Preparation undeniably counts but with no offense intended to anyone, I'll quote a proverb that I felt is apt here

A fool can ask more questions than seven wise men can answer.

While your approach is practical given the shortage of time, I think it's time we (as an industry) collectively revamp the interview process so that people are judged based on what they're really capable of rather than textbook assignments that hold no real world value whatsoever.

Agreed. How do we do it? What would a better process look like?

From my limited know-how, I'd ideally ensure the candidate undergoes 2 or 3 rounds of interviews with people of the designated team and if they clear it, a panel round with all of them so that it's easy to get a fair overview of the candidate while eliminating individual bias.

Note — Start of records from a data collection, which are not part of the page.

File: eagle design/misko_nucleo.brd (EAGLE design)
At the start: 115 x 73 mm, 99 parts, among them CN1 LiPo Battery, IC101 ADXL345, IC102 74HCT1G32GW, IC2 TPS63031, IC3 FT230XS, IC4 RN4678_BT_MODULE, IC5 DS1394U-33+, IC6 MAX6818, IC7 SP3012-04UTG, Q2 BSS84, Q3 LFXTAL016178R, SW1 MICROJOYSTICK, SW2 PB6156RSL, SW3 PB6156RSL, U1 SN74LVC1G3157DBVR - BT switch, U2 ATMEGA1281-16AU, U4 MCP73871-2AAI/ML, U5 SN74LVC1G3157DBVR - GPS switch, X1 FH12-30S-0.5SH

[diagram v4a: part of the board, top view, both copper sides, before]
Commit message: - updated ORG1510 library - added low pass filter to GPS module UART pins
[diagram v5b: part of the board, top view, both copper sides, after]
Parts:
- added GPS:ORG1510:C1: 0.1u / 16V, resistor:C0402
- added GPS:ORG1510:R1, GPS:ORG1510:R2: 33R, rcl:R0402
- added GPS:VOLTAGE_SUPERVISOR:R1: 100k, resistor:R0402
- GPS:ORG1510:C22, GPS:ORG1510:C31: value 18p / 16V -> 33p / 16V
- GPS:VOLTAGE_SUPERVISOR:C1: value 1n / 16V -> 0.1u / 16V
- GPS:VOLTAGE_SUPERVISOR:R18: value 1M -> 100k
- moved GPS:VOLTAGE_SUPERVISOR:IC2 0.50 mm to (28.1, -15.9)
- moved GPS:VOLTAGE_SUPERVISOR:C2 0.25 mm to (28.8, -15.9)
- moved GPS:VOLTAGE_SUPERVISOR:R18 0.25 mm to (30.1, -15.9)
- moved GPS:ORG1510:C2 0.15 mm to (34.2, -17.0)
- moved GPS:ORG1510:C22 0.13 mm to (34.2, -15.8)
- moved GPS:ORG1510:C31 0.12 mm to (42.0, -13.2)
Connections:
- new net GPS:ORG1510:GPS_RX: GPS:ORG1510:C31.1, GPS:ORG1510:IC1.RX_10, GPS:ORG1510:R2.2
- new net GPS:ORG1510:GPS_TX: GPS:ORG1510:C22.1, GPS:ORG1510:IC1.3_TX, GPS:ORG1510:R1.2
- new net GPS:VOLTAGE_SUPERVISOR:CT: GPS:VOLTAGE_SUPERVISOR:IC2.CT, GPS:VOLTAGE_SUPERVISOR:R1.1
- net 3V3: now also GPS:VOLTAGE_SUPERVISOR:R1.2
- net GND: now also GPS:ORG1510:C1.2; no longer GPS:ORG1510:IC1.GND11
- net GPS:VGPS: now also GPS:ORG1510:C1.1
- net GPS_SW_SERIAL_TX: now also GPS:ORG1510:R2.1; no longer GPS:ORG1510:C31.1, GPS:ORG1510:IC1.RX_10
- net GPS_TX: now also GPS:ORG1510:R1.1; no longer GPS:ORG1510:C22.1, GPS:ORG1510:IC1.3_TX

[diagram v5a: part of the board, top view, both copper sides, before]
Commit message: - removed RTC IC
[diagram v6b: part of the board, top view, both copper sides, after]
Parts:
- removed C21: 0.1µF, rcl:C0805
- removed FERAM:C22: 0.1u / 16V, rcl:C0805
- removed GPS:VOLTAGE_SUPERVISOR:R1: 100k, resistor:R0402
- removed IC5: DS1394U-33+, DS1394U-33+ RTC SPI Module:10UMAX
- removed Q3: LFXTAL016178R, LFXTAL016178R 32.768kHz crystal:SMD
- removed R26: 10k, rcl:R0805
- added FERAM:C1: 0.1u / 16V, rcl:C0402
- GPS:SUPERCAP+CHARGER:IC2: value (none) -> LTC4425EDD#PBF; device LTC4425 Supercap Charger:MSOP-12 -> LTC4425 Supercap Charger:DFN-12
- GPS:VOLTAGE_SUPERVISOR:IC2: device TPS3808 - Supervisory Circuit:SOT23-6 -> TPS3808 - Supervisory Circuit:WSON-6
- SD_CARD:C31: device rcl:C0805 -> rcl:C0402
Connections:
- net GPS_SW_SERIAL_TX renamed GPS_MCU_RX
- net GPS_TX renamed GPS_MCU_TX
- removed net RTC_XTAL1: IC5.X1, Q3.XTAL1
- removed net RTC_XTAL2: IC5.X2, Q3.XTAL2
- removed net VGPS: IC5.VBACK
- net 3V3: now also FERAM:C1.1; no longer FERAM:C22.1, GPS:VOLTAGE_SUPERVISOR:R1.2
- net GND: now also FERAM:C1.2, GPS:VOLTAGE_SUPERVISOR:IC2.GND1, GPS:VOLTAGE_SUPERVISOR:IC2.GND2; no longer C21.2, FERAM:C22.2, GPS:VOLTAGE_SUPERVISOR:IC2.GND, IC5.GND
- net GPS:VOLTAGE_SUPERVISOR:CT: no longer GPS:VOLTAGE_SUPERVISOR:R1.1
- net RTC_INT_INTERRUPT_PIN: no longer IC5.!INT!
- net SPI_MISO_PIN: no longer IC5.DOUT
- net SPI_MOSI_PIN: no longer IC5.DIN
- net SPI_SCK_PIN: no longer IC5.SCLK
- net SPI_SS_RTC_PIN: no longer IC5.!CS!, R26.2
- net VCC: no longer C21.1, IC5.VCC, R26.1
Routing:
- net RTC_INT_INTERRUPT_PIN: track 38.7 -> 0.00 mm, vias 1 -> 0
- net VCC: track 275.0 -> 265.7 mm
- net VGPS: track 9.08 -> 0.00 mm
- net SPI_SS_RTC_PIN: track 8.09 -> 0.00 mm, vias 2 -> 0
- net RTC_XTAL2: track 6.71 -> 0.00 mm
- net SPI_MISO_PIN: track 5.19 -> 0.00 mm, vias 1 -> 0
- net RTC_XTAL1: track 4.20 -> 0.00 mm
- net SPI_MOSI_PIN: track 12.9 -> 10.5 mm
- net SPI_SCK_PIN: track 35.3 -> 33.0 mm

The idea here would be to ask (technical concepts - general and particularly role based along with behavioral) questions.

Yes, shortage of time is a major constraint here and so is proper execution of this but even if done with 70% efficacy, I believe the new hires will be of much better quality.

Thanks for sharing this, Vinay. I think the devil is in the details here. Executed well, this would probably work. Executed poorly, and it could be a time waster.

I definitely agree with the team being involved in the interview (and perhaps even giving each member a veto).

Glad to help Blaine! Do share your experiences if ever you put it into practice or even add something more so that the rest of us will find it useful too.